# Acid titration kits



## Yeastfridge (5/5/15)

Hi all, 
I'm keen to do some titrations to test the acidity of my cider and cider vinegar. Can anyone point me in the right direction to a brew shop either in Sydney or online where I can get an acid titration kit?
In these forums people have said "wine-maker and brewing shops sell them" but no one has mentioned an actual shop and I've done some searching and can't find any...


----------



## Airgead (5/5/15)

Any good homebrew shop should have them. Online grain and grape or ibrew certainly do.

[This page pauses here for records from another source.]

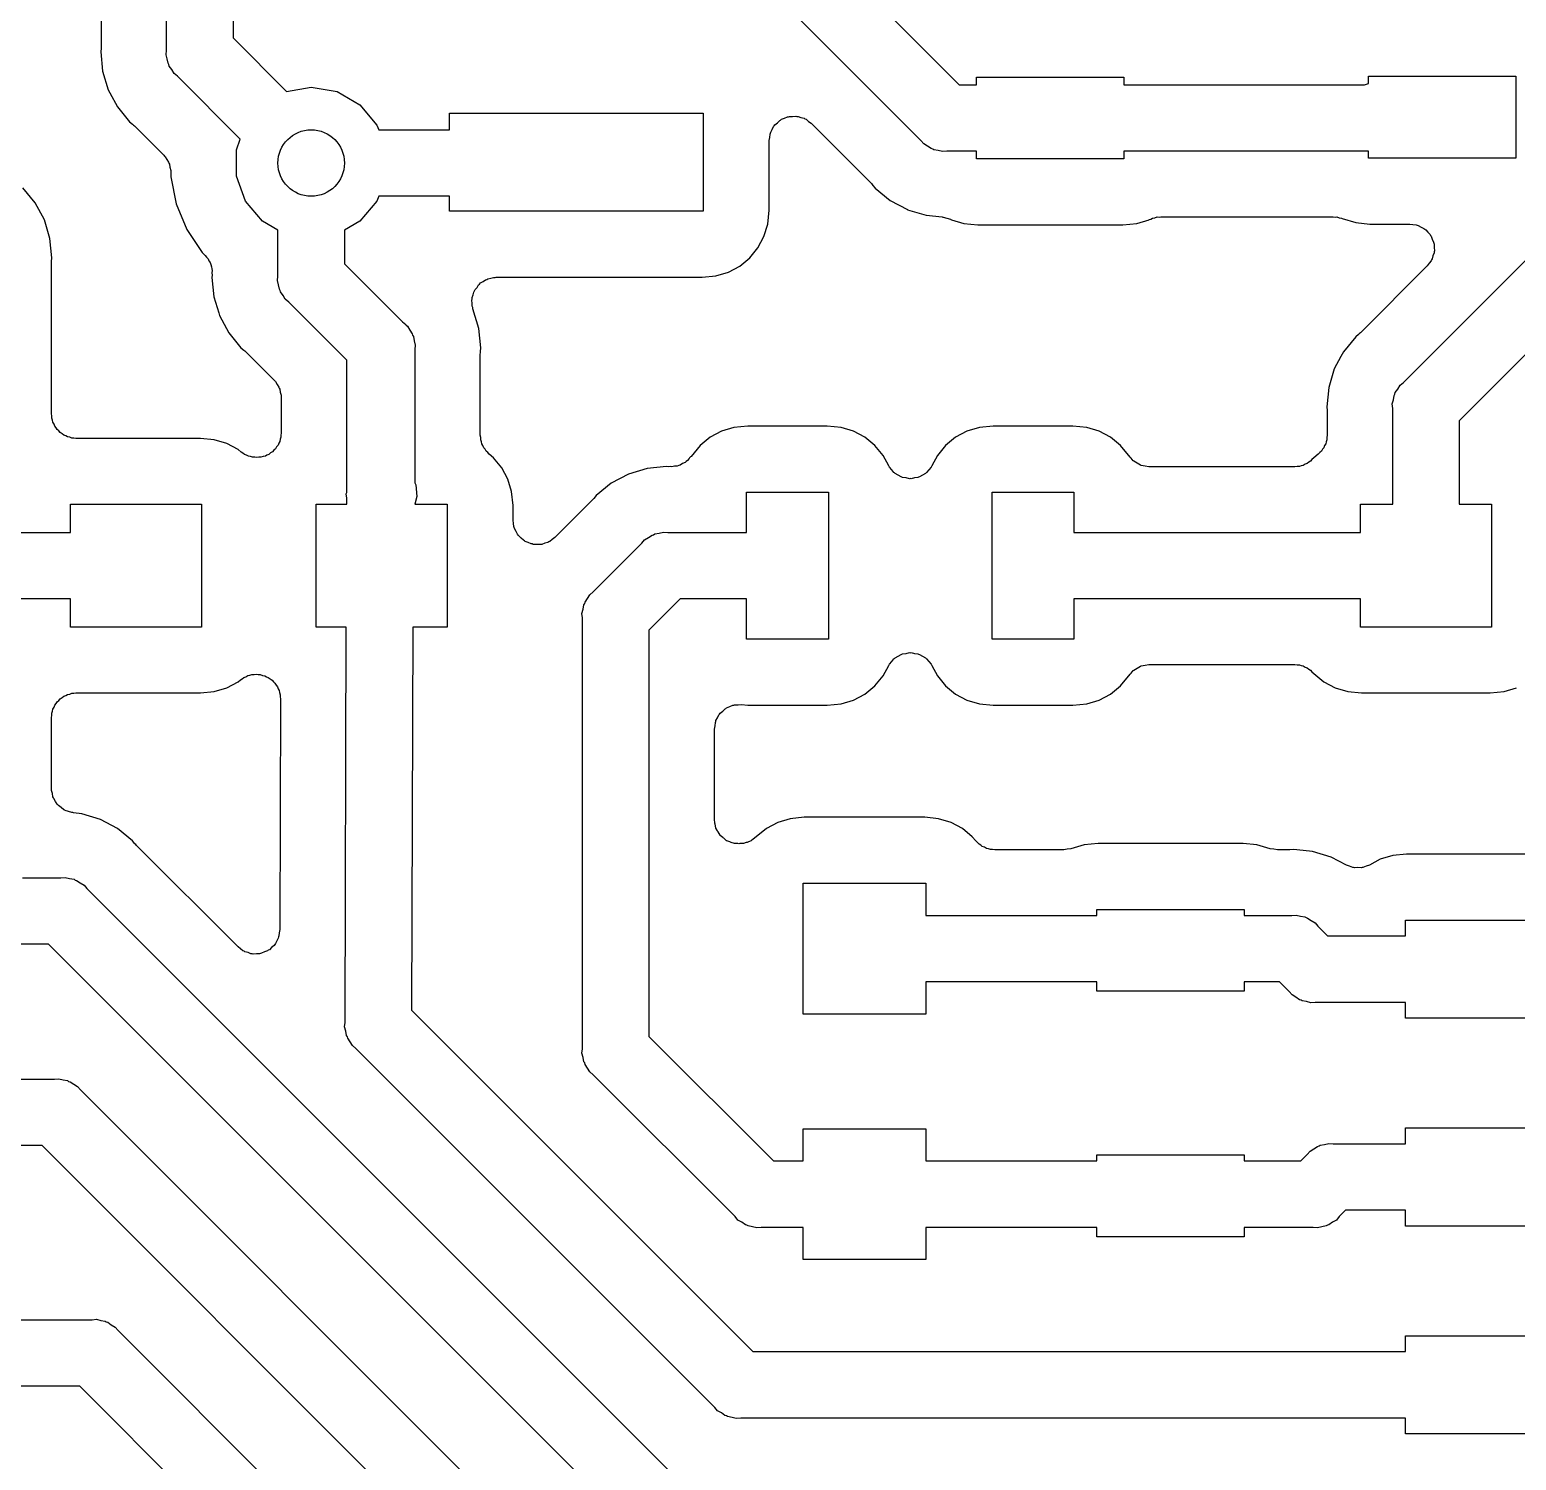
# Model space of a CAD drawing. Extents: x 91 to 190.2, y -113.9 to -59.9.
# Drawn here: x 155.19 to 164.27, y -90.63 to -81.89 of the extents above; entities that cross this region are included whole.
import ezdxf

# ---------------------------------------------------------------- set-up
doc = ezdxf.new("R2010")
doc.units = 0
doc.header["$MEASUREMENT"] = 0
doc.layers.add('BLACK', color=7, linetype='CONTINUOUS')

msp = doc.modelspace()

# ---------------------------------------------------------------- linework, layer by layer
at = {"layer": 'BLACK', "linetype": 'CONTINUOUS'}
for p, q in [((156.027, -82.0111), (156.027, -78.8206)), ((156.433, -78.8206), (156.433, -81.9358)), ((155.627, -79.5576), (155.627, -81.983)), ((159.935, -81.2876), (160.869, -82.2218)), ((160.635, -82.5624), (159.701, -81.6282)), ((155.626, -81.9977), (155.624, -82.02)), ((155.627, -81.983), (155.626, -81.9903)), ((155.626, -81.9903), (155.626, -81.9977)), ((156.433, -81.9358), (156.76, -82.2623)), ((155.624, -82.02), (155.636, -82.1383)), ((156.024, -82.038), (156.027, -82.0111)), ((156.031, -82.064), (156.024, -82.038)), ((156.036, -82.0906), (156.031, -82.064)), ((156.041, -82.0984), (156.036, -82.0906)), ((155.636, -82.1383), (155.67, -82.2519)), ((156.043, -82.1072), (156.041, -82.0984)), ((156.058, -82.1293), (156.043, -82.1072)), ((156.072, -82.1526), (156.058, -82.1293)), ((156.093, -82.17), (156.072, -82.1526)), ((156.477, -82.554), (156.093, -82.17)), ((160.975, -82.2218), (160.975, -82.175)), ((160.975, -82.175), (161.875, -82.175)), ((161.875, -82.175), (161.875, -82.2218)), ((163.37, -82.215), (163.37, -82.17)), ((163.37, -82.17), (164.27, -82.17)), ((164.27, -82.17), (164.27, -82.67)), ((155.67, -82.2519), (155.68, -82.2712)), ((155.68, -82.2712), (155.68, -82.2712)), ((155.68, -82.2712), (155.726, -82.3567)), ((156.76, -82.2623), (156.91, -82.2357)), ((156.91, -82.2357), (157.069, -82.2637)), ((157.069, -82.2637), (157.208, -82.3444)), ((160.869, -82.2218), (160.975, -82.2218)), ((161.875, -82.2218), (163.345, -82.2218)), ((163.345, -82.2218), (163.37, -82.215)), ((155.726, -82.3567), (155.801, -82.4486)), ((157.208, -82.3444), (157.312, -82.4679)), ((155.801, -82.4486), (155.819, -82.4628)), ((157.755, -82.4968), (157.755, -82.395)), ((157.755, -82.395), (159.305, -82.395)), ((159.305, -82.395), (159.305, -82.995)), ((159.743, -82.4664), (159.758, -82.4538)), ((159.758, -82.4538), (159.772, -82.44)), ((159.772, -82.44), (159.778, -82.4372)), ((159.778, -82.4372), (159.783, -82.4329)), ((159.783, -82.4329), (159.801, -82.4262)), ((159.801, -82.4262), (159.819, -82.418)), ((159.819, -82.418), (159.825, -82.4174)), ((159.825, -82.4174), (159.832, -82.4151)), ((159.832, -82.4151), (159.851, -82.4151)), ((159.851, -82.4151), (159.871, -82.4134)), ((159.871, -82.4134), (159.877, -82.4151)), ((159.877, -82.4151), (159.884, -82.4151)), ((159.884, -82.4151), (159.902, -82.4218)), ((159.902, -82.4218), (159.921, -82.4269)), ((159.921, -82.4269), (159.926, -82.4307)), ((159.926, -82.4307), (159.933, -82.4329)), ((159.933, -82.4329), (159.948, -82.4455)), ((159.948, -82.4455), (159.964, -82.4568)), ((159.964, -82.4568), (160.332, -82.8254)), ((155.819, -82.4628), (155.824, -82.4684)), ((155.824, -82.4684), (155.83, -82.4727)), ((155.83, -82.4727), (156.009, -82.6519)), ((157.312, -82.4679), (157.323, -82.4968)), ((157.323, -82.4968), (157.755, -82.4968)), ((159.708, -82.5628), (159.711, -82.5435)), ((159.711, -82.5435), (159.713, -82.524)), ((159.713, -82.524), (159.716, -82.518)), ((159.716, -82.518), (159.717, -82.5115)), ((159.717, -82.5115), (159.727, -82.4946)), ((159.727, -82.4946), (159.735, -82.4768)), ((159.735, -82.4768), (159.739, -82.4721)), ((159.739, -82.4721), (159.743, -82.4664)), ((156.453, -82.6194), (156.477, -82.554)), ((156.453, -82.7806), (156.453, -82.6194)), ((159.708, -82.9876), (159.708, -82.5628)), ((160.652, -82.5831), (160.635, -82.5624)), ((160.676, -82.5965), (160.652, -82.5831)), ((160.698, -82.612), (160.676, -82.5965)), ((160.707, -82.6144), (160.698, -82.612)), ((160.714, -82.6189), (160.707, -82.6144)), ((160.741, -82.6236), (160.714, -82.6189)), ((160.767, -82.6305), (160.741, -82.6236)), ((160.794, -82.6282), (160.767, -82.6305)), ((160.975, -82.6282), (160.794, -82.6282)), ((160.975, -82.675), (160.975, -82.6282)), ((163.37, -82.6282), (161.875, -82.6282)), ((161.875, -82.6282), (161.875, -82.675)), ((163.37, -82.67), (163.37, -82.6282)), ((156.009, -82.6519), (156.013, -82.6573)), ((156.013, -82.6573), (156.018, -82.6616)), ((156.018, -82.6616), (156.028, -82.6785)), ((156.028, -82.6785), (156.039, -82.6946)), ((156.039, -82.6946), (156.04, -82.701)), ((156.04, -82.701), (156.044, -82.7067)), ((156.044, -82.7067), (156.047, -82.726)), ((156.047, -82.726), (156.052, -82.7449)), ((161.875, -82.675), (160.975, -82.675)), ((164.27, -82.67), (163.37, -82.67)), ((163.583, -84.04), (164.957, -82.6658)), ((156.052, -82.7449), (156.052, -82.7515)), ((156.052, -82.7515), (156.053, -82.758)), ((156.053, -82.758), (156.053, -82.7844)), ((156.053, -82.7844), (156.086, -82.95)), ((156.508, -82.9321), (156.453, -82.7806)), ((155.224, -82.9433), (155.149, -82.8514)), ((157.323, -82.9032), (157.312, -82.9321)), ((157.755, -82.9032), (157.323, -82.9032)), ((157.755, -82.995), (157.755, -82.9032)), ((160.332, -82.8254), (160.337, -82.8314)), ((160.337, -82.8314), (160.342, -82.8363)), ((160.342, -82.8363), (160.356, -82.8536)), ((160.356, -82.8536), (160.448, -82.929)), ((165.297, -82.8999), (163.923, -84.2742)), ((155.28, -83.0478), (155.224, -82.9433)), ((156.086, -82.95), (156.15, -83.106)), ((156.612, -83.0556), (156.508, -82.9321)), ((157.312, -82.9321), (157.208, -83.0556)), ((159.305, -82.995), (157.755, -82.995)), ((159.699, -83.0734), (159.708, -82.9876)), ((160.448, -82.929), (160.552, -82.9846)), ((160.552, -82.9846), (160.553, -82.985)), ((160.553, -82.985), (160.667, -83.0195)), ((155.28, -83.048), (155.28, -83.0478)), ((155.314, -83.1617), (155.28, -83.048)), ((156.707, -83.1106), (156.612, -83.0556)), ((157.208, -83.0556), (157.113, -83.1106)), ((159.676, -83.1488), (159.699, -83.0734)), ((160.667, -83.0195), (160.765, -83.0291)), ((160.765, -83.0291), (160.768, -83.03)), ((160.768, -83.03), (160.771, -83.0299)), ((160.771, -83.0299), (160.793, -83.037)), ((160.793, -83.037), (160.815, -83.0432)), ((160.815, -83.0432), (160.818, -83.0451)), ((160.818, -83.0451), (160.821, -83.0461)), ((160.821, -83.0461), (160.821, -83.0463)), ((160.821, -83.0463), (160.897, -83.0692)), ((160.897, -83.0692), (160.982, -83.0777)), ((160.982, -83.0777), (161.868, -83.0777)), ((161.868, -83.0777), (161.953, -83.0692)), ((161.953, -83.0692), (162.029, -83.0463)), ((162.029, -83.0463), (162.03, -83.0459)), ((162.03, -83.0459), (162.04, -83.0426)), ((162.04, -83.0426), (162.049, -83.0372)), ((162.049, -83.0372), (162.064, -83.0345)), ((162.064, -83.0345), (162.079, -83.0297)), ((162.079, -83.0297), (162.09, -83.0301)), ((162.09, -83.0301), (162.1, -83.0282)), ((162.1, -83.0282), (163.154, -83.0282)), ((163.154, -83.0282), (163.165, -83.0301)), ((163.165, -83.0301), (163.175, -83.0297)), ((163.175, -83.0297), (163.19, -83.0345)), ((163.19, -83.0345), (163.205, -83.0372)), ((163.205, -83.0372), (163.208, -83.0389)), ((163.208, -83.0389), (163.292, -83.0642)), ((163.292, -83.0642), (163.377, -83.0727)), ((163.377, -83.0727), (163.622, -83.0727)), ((163.622, -83.0727), (163.641, -83.0761)), ((163.641, -83.0761), (163.661, -83.0778)), ((163.661, -83.0778), (163.667, -83.0806)), ((163.667, -83.0806), (163.673, -83.0817)), ((163.673, -83.0817), (163.69, -83.0915)), ((163.69, -83.0915), (163.708, -83.0998)), ((155.326, -83.28), (155.314, -83.1617)), ((156.15, -83.106), (156.244, -83.2464)), ((156.707, -83.3911), (156.707, -83.1106)), ((157.113, -83.1106), (157.113, -83.3158)), ((159.639, -83.2183), (159.676, -83.1488)), ((163.708, -83.0998), (163.713, -83.1045)), ((163.713, -83.1045), (163.719, -83.1078)), ((163.719, -83.1078), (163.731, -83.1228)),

If you are in the north of Sydney, I'm 90% sure that asquith home brew sells them. You can check online...


----------



## Yeastfridge (5/5/15)

Grain and Grape don't have it online, nor does Asquith (just in case anyone is wondering). ibrew does so ordered it from them. Thanks Airgead.


----------



## Airgead (5/5/15)

Well.. one out of three ain't bad...

I'm sure I have seen them at Asquith before . Might just be out of stock.


----------



## Ferg (5/5/15)

This is where I got mine from: http://www.anpros.com.au/


----------



## Yeastfridge (5/5/15)

Ferg said:


> This is where I got mine from: http://www.anpros.com.au/


 I would like a proper kit but am moving around lots at the moment and wouldn't want to keep breaking my burette...


----------



## Ferg (5/5/15)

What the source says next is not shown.